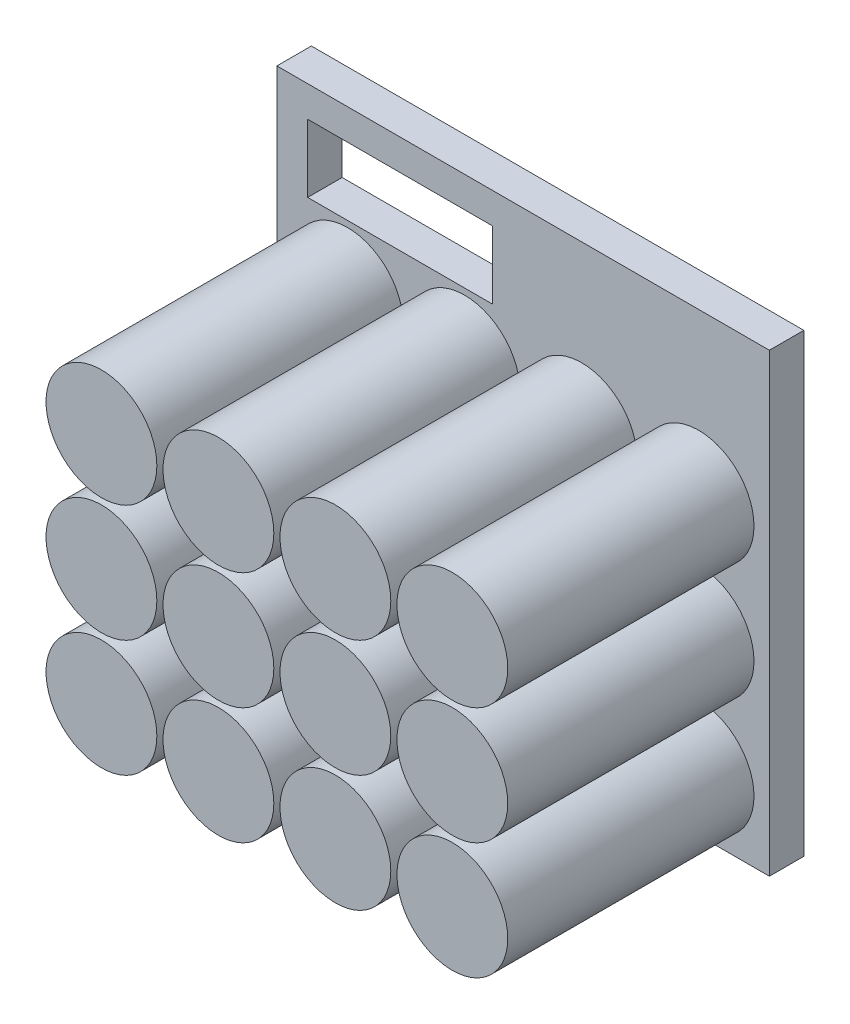
from build123d import *

# Parameters (mm, degrees)
SKETCH_1_W      = 80
SKETCH_1_H      = 74
SKETCH_1_W_2    = 30
SKETCH_1_H_2    = 11
EXTRUDE_1_DEPTH = 5.6
SKETCH_2_R      = 9
EXTRUDE_2_DEPTH = 40


with BuildPart() as part:
    # 草图1 → 凸台-拉伸1 (new body)
    with BuildSketch(Plane.XY):
        with Locations((4.975124378, -23.343283582)):
            Rectangle(SKETCH_1_W, SKETCH_1_H)
        with Locations((-15.024875622, 3.156716418)):
            Rectangle(SKETCH_1_W_2, SKETCH_1_H_2, mode=Mode.SUBTRACT)
    extrude(amount=-EXTRUDE_1_DEPTH)

    # 草图2 → 凸台-拉伸2 (add)
    with BuildSketch(Plane.XY):
        with Locations((-23.524875622, -50.343283582)):
            Circle(SKETCH_2_R)
        with Locations((-4.524875622, -50.343283582)):
            Circle(SKETCH_2_R)
        with Locations((14.475124378, -50.343283582)):
            Circle(SKETCH_2_R)
        with Locations((33.475124378, -50.343283582)):
            Circle(SKETCH_2_R)
        with Locations((-4.524875622, -31.343283582)):
            Circle(SKETCH_2_R)
        with Locations((14.475124378, -31.343283582)):
            Circle(SKETCH_2_R)
        with Locations((33.475124378, -31.343283582)):
            Circle(SKETCH_2_R)
        with Locations((-4.524875622, -12.343283582)):
            Circle(SKETCH_2_R)
        with Locations((14.475124378, -12.343283582)):
            Circle(SKETCH_2_R)
        with Locations((33.475124378, -12.343283582)):
            Circle(SKETCH_2_R)
        with Locations((-23.524875622, -31.343283582)):
            Circle(SKETCH_2_R)
        with Locations((-23.524875622, -12.343283582)):
            Circle(SKETCH_2_R)
    extrude(amount=EXTRUDE_2_DEPTH)


solid = part.part

* * * *

:: Problem requirements ::
All lines with the word "amount" need to be copied from the data above.

:: Result ::
    extrude(amount=-EXTRUDE_1_DEPTH)
    extrude(amount=EXTRUDE_2_DEPTH)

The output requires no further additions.